Sometimes movies are more than just movies and ‘Longtime Companion’ is one such film. I have watched this movie through the eyes of a straight ally and I have watched it as an openly gay man. I have watched it as a man whose friends have died from this terrible disease. I have watched it for research for roles I have played on the stage. And I have watched it to be reminded of how brave everyday men and women can be in life when the world is pitted against them. Movies sometimes transcend into moments, visions, ideas and movements. I will always be thankful for that. I will always be thankful for ‘Longtime Companion.’

Today’s Thoughts: I knew today would be a Kleenex kind of a day. However, I didn’t realize that it would be a whole box of Kleenex kind of day. Watching ‘Longtime Companion’ has always been emotional for me, but today was even more so than usual. But I made it through. Barely.

Despite it making me weep, the movie is as entertaining and beautiful as ever. Its direction, story and especially its all star ensemble are incredible to witness.
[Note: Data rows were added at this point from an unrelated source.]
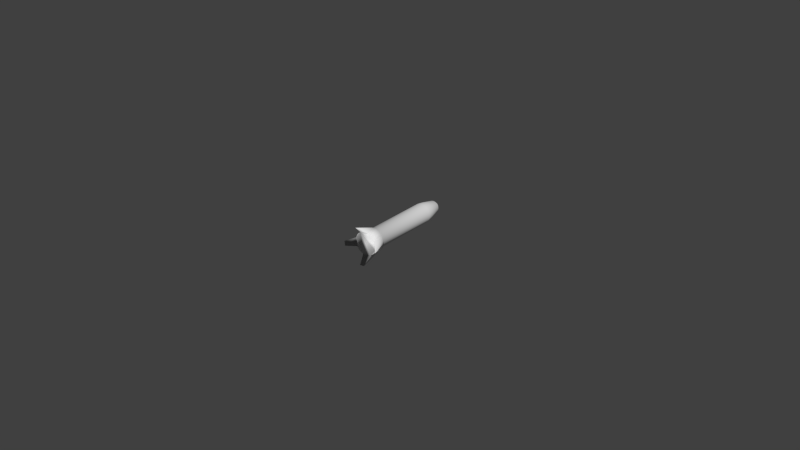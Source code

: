 # Source: cluster_rocket.blend  (saved by Blender 2.70.0; exported with 4.5.12 LTS)
import bpy
from mathutils import Matrix  # noqa: F401  (used for matrix-valued properties, if any)

bpy.ops.wm.read_factory_settings(use_empty=True)
scene = bpy.context.scene
scene.name = 'Scene'

# ---- collections
col_collection_1 = bpy.data.collections.new('Collection 1'); scene.collection.children.link(col_collection_1)

# ---- materials (node trees are filled in below, after node groups)
mat_metal = bpy.data.materials.new('metal')
mat_metal.alpha_threshold = 0.0
mat_metal.use_transparent_shadow = False
mat_metal.roughness = 0.5
mat_metal.specular_intensity = 0.3
mat_metal.line_color = (0.0, 0.0, 0.0, 1.0)
mat_grey_metal = bpy.data.materials.new('grey_metal')
mat_grey_metal.alpha_threshold = 0.0
mat_grey_metal.use_transparent_shadow = False
mat_grey_metal.roughness = 0.5
mat_grey_metal.specular_intensity = 0.2
mat_grey_metal.line_color = (0.0, 0.0, 0.0, 1.0)

# ---- material node trees

# ---- world
world_world = bpy.data.worlds.new('World'); scene.world = world_world
world_world.color = (0.05088, 0.05088, 0.05088)
world_world.use_sun_shadow = False
world_world.sun_shadow_jitter_overblur = 0.0
world_world.cycles.sampling_method = 'MANUAL'
world_world.cycles.sample_map_resolution = 256

# ---- meshes
me_cylinder = bpy.data.meshes.new('Cylinder')
me_cylinder.from_pydata([(-0.004645, -0.01544, -1.422e-08), (-0.0003008, 0.01288, -9.971e-09), (-0.004487, -0.01544, -0.001202), (-0.0002905, 0.01288, -7.786e-05), (-0.002526, -0.0135, -0.001458), (-0.0002605, 0.01288, -0.0001504), (-0.002062, -0.0135, -0.002062), (-0.0002127, 0.01288, -0.0002127), (-0.001458, -0.0135, -0.002526), (-0.0001504, 0.01288, -0.0002605), (-0.0007548, -0.0135, -0.002817), (-7.787e-05, 0.01288, -0.0002905), (4.179e-09, -0.01544, -0.004645), (-1.748e-08, 0.01288, -0.0003008), (0.001202, -0.01544, -0.004487), (7.783e-05, 0.01288, -0.0002905), (0.001458, -0.0135, -0.002526), (0.0001504, 0.01288, -0.0002605), (0.002062, -0.0135, -0.002062), (0.0002127, 0.01288, -0.0002127), (0.002526, -0.0135, -0.001458), (0.0002605, 0.01288, -0.0001504), (0.002817, -0.0135, -0.0007548), (0.0002905, 0.01288, -7.786e-05), (0.004645, -0.01544, -6.464e-09), (0.0003008, 0.01288, -9.469e-09), (0.004487, -0.01544, 0.001202), (0.0002905, 0.01288, 7.784e-05), (0.002526, -0.0135, 0.001458), (0.0002605, 0.01288, 0.0001504), (0.002062, -0.0135, 0.002062), (0.0002127, 0.01288, 0.0002127), (0.001458, -0.0135, 0.002526), (0.0001504, 0.01288, 0.0002605), (0.0007548, -0.0135, 0.002817), (7.783e-05, 0.01288, 0.0002905), (-2.873e-09, -0.01544, 0.004645), (-1.794e-08, 0.01288, 0.0003008), (-0.001202, -0.01544, 0.004487), (-7.787e-05, 0.01288, 0.0002905), (-0.001458, -0.0135, 0.002526), (-0.0001504, 0.01288, 0.0002605), (-0.002062, -0.0135, 0.002062), (-0.0002127, 0.01288, 0.0002127), (-0.002526, -0.0135, 0.001458), (-0.0002605, 0.01288, 0.0001504), (-0.002817, -0.0135, 0.0007548), (-0.0002905, 0.01288, 7.784e-05), (-0.002916, -0.01054, -1.26e-08), (-0.002484, -0.01002, -1.217e-08), (-0.002399, -0.01002, -0.0006429), (-0.002817, -0.01054, -0.0007548), (-0.002151, -0.01002, -0.001242), (-0.002526, -0.01054, -0.001458), (-0.001756, -0.01002, -0.001757), (-0.002062, -0.01054, -0.002062), (-0.001242, -0.01002, -0.002151), (-0.001458, -0.01054, -0.002526), (-0.0006429, -0.01002, -0.002399), (-0.0007548, -0.01054, -0.002817), (-1.045e-09, -0.01002, -0.002484), (-3.49e-10, -0.01054, -0.002916), (0.0006429, -0.01002, -0.002399), (0.0007548, -0.01054, -0.002817), (0.001242, -0.01002, -0.002151), (0.001458, -0.01054, -0.002526), (0.001756, -0.01002, -0.001757), (0.002062, -0.01054, -0.002062), (0.002151, -0.01002, -0.001242), (0.002526, -0.01054, -0.001458), (0.002399, -0.01002, -0.0006429), (0.002817, -0.01054, -0.0007548), (0.002484, -0.01002, -8.021e-09), (0.002916, -0.01054, -7.731e-09), (0.002399, -0.01002, 0.0006429), (0.002817, -0.01054, 0.0007548), (0.002151, -0.01002, 0.001242), (0.002526, -0.01054, 0.001458), (0.001756, -0.01002, 0.001756), (0.002062, -0.01054, 0.002062), (0.001242, -0.01002, 0.002151), (0.001458, -0.01054, 0.002526), (0.0006429, -0.01002, 0.002399), (0.0007548, -0.01054, 0.002817), (-4.815e-09, -0.01002, 0.002484), (-4.776e-09, -0.01054, 0.002916), (-0.0006429, -0.01002, 0.002399), (-0.0007548, -0.01054, 0.002817), (-0.001242, -0.01002, 0.002151), (-0.001458, -0.01054, 0.002526), (-0.001757, -0.01002, 0.001756), (-0.002062, -0.01054, 0.002062), (-0.002151, -0.01002, 0.001242), (-0.002526, -0.01054, 0.001458), (-0.002399, -0.01002, 0.0006429), (-0.002817, -0.01054, 0.0007548), (-0.002461, 0.006726, -1.214e-08), (-0.002252, 0.008226, -1.193e-08), (-0.002377, 0.006726, -0.000637), (-0.002175, 0.008226, -0.0005829), (-0.002131, 0.006726, -0.001231), (-0.00195, 0.008226, -0.001126), (-0.00174, 0.006726, -0.00174), (-0.001593, 0.008226, -0.001593), (-0.001231, 0.006726, -0.002131), (-0.001126, 0.008226, -0.00195), (-0.000637, 0.006726, -0.002377), (-0.0005829, 0.008226, -0.002175), (-9.12e-09, 0.006726, -0.002461), (-1.291e-08, 0.008226, -0.002252), (0.000637, 0.006726, -0.002377), (0.0005829, 0.008226, -0.002175), (0.001231, 0.006726, -0.002131), (0.001126, 0.008226, -0.00195), (0.00174, 0.006726, -0.00174), (0.001593, 0.008226, -0.001593), (0.002131, 0.006726, -0.001231), (0.00195, 0.008226, -0.001126), (0.002377, 0.006726, -0.000637), (0.002175, 0.008226, -0.0005829), (0.002461, 0.006726, -8.035e-09), (0.002252, 0.008226, -8.173e-09), (0.002377, 0.006726, 0.000637), (0.002175, 0.008226, 0.0005829), (0.002131, 0.006726, 0.001231), (0.00195, 0.008226, 0.001126), (0.00174, 0.006726, 0.00174), (0.001593, 0.008226, 0.001593), (0.001231, 0.006726, 0.002131), (0.001126, 0.008226, 0.00195), (0.000637, 0.006726, 0.002377), (0.0005829, 0.008226, 0.002175), (-1.286e-08, 0.006726, 0.002461), (-1.633e-08, 0.008226, 0.002252), (-0.000637, 0.006726, 0.002377), (-0.0005829, 0.008226, 0.002175), (-0.001231, 0.006726, 0.002131), (-0.001126, 0.008226, 0.00195), (-0.00174, 0.006726, 0.00174), (-0.001593, 0.008226, 0.001593), (-0.002131, 0.006726, 0.001231), (-0.00195, 0.008226, 0.001126), (-0.002377, 0.006726, 0.000637), (-0.002175, 0.008226, 0.0005829), (-0.001583, 0.01129, -1.124e-08), (-0.001529, 0.01129, -0.0004096), (-0.00137, 0.01129, -0.0007913), (-0.001119, 0.01129, -0.001119), (-0.0007913, 0.01129, -0.00137), (-0.0004096, 0.01129, -0.001529), (-1.541e-08, 0.01129, -0.001583), (0.0004096, 0.01129, -0.001529), (0.0007912, 0.01129, -0.00137), (0.001119, 0.01129, -0.001119), (0.00137, 0.01129, -0.0007913), (0.001529, 0.01129, -0.0004096), (0.001582, 0.01129, -8.601e-09), (0.001529, 0.01129, 0.0004096), (0.00137, 0.01129, 0.0007912), (0.001119, 0.01129, 0.001119), (0.0007912, 0.01129, 0.00137), (0.0004096, 0.01129, 0.001529), (-1.781e-08, 0.01129, 0.001582), (-0.0004096, 0.01129, 0.001529), (-0.0007913, 0.01129, 0.00137), (-0.001119, 0.01129, 0.001119), (-0.00137, 0.01129, 0.0007912), (-0.001529, 0.01129, 0.0004096)], [], [(144, 1, 3, 145), (145, 3, 5, 146), (146, 5, 7, 147), (147, 7, 9, 148), (148, 9, 11, 149), (149, 11, 13, 150), (150, 13, 15, 151), (151, 15, 17, 152), (152, 17, 19, 153), (153, 19, 21, 154), (154, 21, 23, 155), (155, 23, 25, 156), (156, 25, 27, 157), (157, 27, 29, 158), (158, 29, 31, 159), (159, 31, 33, 160), (160, 33, 35, 161), (161, 35, 37, 162), (162, 37, 39, 163), (163, 39, 41, 164), (164, 41, 43, 165), (165, 43, 45, 166), (3, 1, 47, 45, 43, 41, 39, 37, 35, 33, 31, 29, 27, 25, 23, 21, 19, 17, 15, 13, 11, 9, 7, 5), (167, 47, 1, 144), (166, 45, 47, 167), (0, 2, 4, 6, 8, 10, 12, 14, 16, 18, 20, 22, 24, 26, 28, 30, 32, 34, 36, 38, 40, 42, 44, 46), (0, 48, 51, 2), (48, 49, 50, 51), (2, 51, 53, 4), (51, 50, 52, 53), (4, 53, 55, 6), (53, 52, 54, 55), (6, 55, 57, 8), (55, 54, 56, 57), (8, 57, 59, 10), (57, 56, 58, 59), (10, 59, 61, 12), (59, 58, 60, 61), (12, 61, 63, 14), (61, 60, 62, 63), (14, 63, 65, 16), (63, 62, 64, 65), (16, 65, 67, 18), (65, 64, 66, 67), (18, 67, 69, 20), (67, 66, 68, 69), (20, 69, 71, 22), (69, 68, 70, 71), (22, 71, 73, 24), (71, 70, 72, 73), (24, 73, 75, 26), (73, 72, 74, 75), (26, 75, 77, 28), (75, 74, 76, 77), (28, 77, 79, 30), (77, 76, 78, 79), (30, 79, 81, 32), (79, 78, 80, 81), (32, 81, 83, 34), (81, 80, 82, 83), (34, 83, 85, 36), (83, 82, 84, 85), (36, 85, 87, 38), (85, 84, 86, 87), (38, 87, 89, 40), (87, 86, 88, 89), (40, 89, 91, 42), (89, 88, 90, 91), (42, 91, 93, 44), (91, 90, 92, 93), (46, 95, 48, 0), (95, 94, 49, 48), (44, 93, 95, 46), (93, 92, 94, 95), (96, 97, 99, 98), (98, 99, 101, 100), (100, 101, 103, 102), (102, 103, 105, 104), (104, 105, 107, 106), (106, 107, 109, 108), (108, 109, 111, 110), (110, 111, 113, 112), (112, 113, 115, 114), (114, 115, 117, 116), (116, 117, 119, 118), (118, 119, 121, 120), (120, 121, 123, 122), (122, 123, 125, 124), (124, 125, 127, 126), (126, 127, 129, 128), (128, 129, 131, 130), (130, 131, 133, 132), (132, 133, 135, 134), (134, 135, 137, 136), (136, 137, 139, 138), (138, 139, 141, 140), (142, 143, 97, 96), (140, 141, 143, 142), (97, 144, 145, 99), (99, 145, 146, 101), (101, 146, 147, 103), (103, 147, 148, 105), (105, 148, 149, 107), (107, 149, 150, 109), (109, 150, 151, 111), (111, 151, 152, 113), (113, 152, 153, 115), (115, 153, 154, 117), (117, 154, 155, 119), (119, 155, 156, 121), (121, 156, 157, 123), (123, 157, 158, 125), (125, 158, 159, 127), (127, 159, 160, 129), (129, 160, 161, 131), (131, 161, 162, 133), (133, 162, 163, 135), (135, 163, 164, 137), (137, 164, 165, 139), (139, 165, 166, 141), (143, 167, 144, 97), (141, 166, 167, 143), (49, 96, 98, 50), (50, 98, 100, 52), (52, 100, 102, 54), (54, 102, 104, 56), (56, 104, 106, 58), (58, 106, 108, 60), (60, 108, 110, 62), (62, 110, 112, 64), (64, 112, 114, 66), (66, 114, 116, 68), (68, 116, 118, 70), (70, 118, 120, 72), (72, 120, 122, 74), (74, 122, 124, 76), (76, 124, 126, 78), (78, 126, 128, 80), (80, 128, 130, 82), (82, 130, 132, 84), (84, 132, 134, 86), (86, 134, 136, 88), (88, 136, 138, 90), (90, 138, 140, 92), (94, 142, 96, 49), (92, 140, 142, 94)])
me_cylinder.polygons.foreach_set('use_smooth', [True] * 146)
me_cylinder.polygons.foreach_set('material_index', [0, 0, 0, 0, 0, 0, 0, 0, 0, 0, 0, 0, 0, 0, 0, 0, 0, 0, 0, 0, 0, 0, 0, 0, 0, 0, 1, 0, 1, 0, 0, 0, 0, 0, 0, 0, 1, 0, 1, 0, 1, 0, 0, 0, 0, 0, 0, 0, 1, 0, 1, 0, 1, 0, 0, 0, 0, 0, 0, 0, 1, 0, 1, 0, 1, 0, 0, 0, 0, 0, 1, 0, 0, 0, 1, 1, 1, 1, 1, 1, 1, 1, 1, 1, 1, 1, 1, 1, 1, 1, 1, 1, 1, 1, 1, 1, 1, 1, 0, 0, 0, 0, 0, 0, 0, 0, 0, 0, 0, 0, 0, 0, 0, 0, 0, 0, 0, 0, 0, 0, 0, 0, 0, 0, 0, 0, 0, 0, 0, 0, 0, 0, 0, 0, 0, 0, 0, 0, 0, 0, 0, 0, 0, 0, 0, 0])
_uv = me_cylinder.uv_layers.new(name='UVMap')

Campbell Scott, Stephen Caffrey, Dermot Mulroney, Mary-Louise Parker and Michael Schoeffling all do a wonderful job portraying these characters, but Bruce Davison stands out a bit above the rest. His performance as David is beautiful, emotional and understated and really is breathtaking. It is no surprise that he received numerous awards and nominations for it.

As one might guess from knowing its subject, the movie has many emotional scenes. I teared up many times while watching it today. However, there was something in the final scene today that made me literally lose my shit. As soon as I heard the song “Post Mortem Ball” by Zane Campbell start I was a blubbering idiot. It’s a scene that is meant to be both sad yet reaffirming, and that just made me cry even harder. It took me awhile to compose myself. Luckily I was alone when I watched it.

‘Longtime Companion’ is a brilliant must-see film. It is often forgotten, but it shouldn’t be. It is triumphant on many levels and is an important film for both the gay and straight communities. Just watch it near some tissues.

“And we’ll go down to the post-mortem bar and catch up on the years that have passed between us.
And we’ll tell our stories. Do you remember when the world was just like a carnival opening up? If I could have one more day with you the way it used to be. All the things I should’ve said would pour out of me.”

Awards: Academy Award for Best Actor in a Supporting Role, Bruce Davison (nomination), Golden Globe for Best Performance by an Actor in a Supporting Role in a Motion Picture, Bruce Davison (winner), Film Independent Award for Best Supporting Male, BRuce Davison (winner), Los Angeles Film Critics Award for Best Supporting Actor, Bruce Davison (nomination), National Society of Film Critics Award for Best Supporting Actor, Bruce Davison (winner), New York Film Critics Circle Award for Best Supporting Actor, Bruce Davison (winner).

Ways to Watch: YouTube, DVD Availability.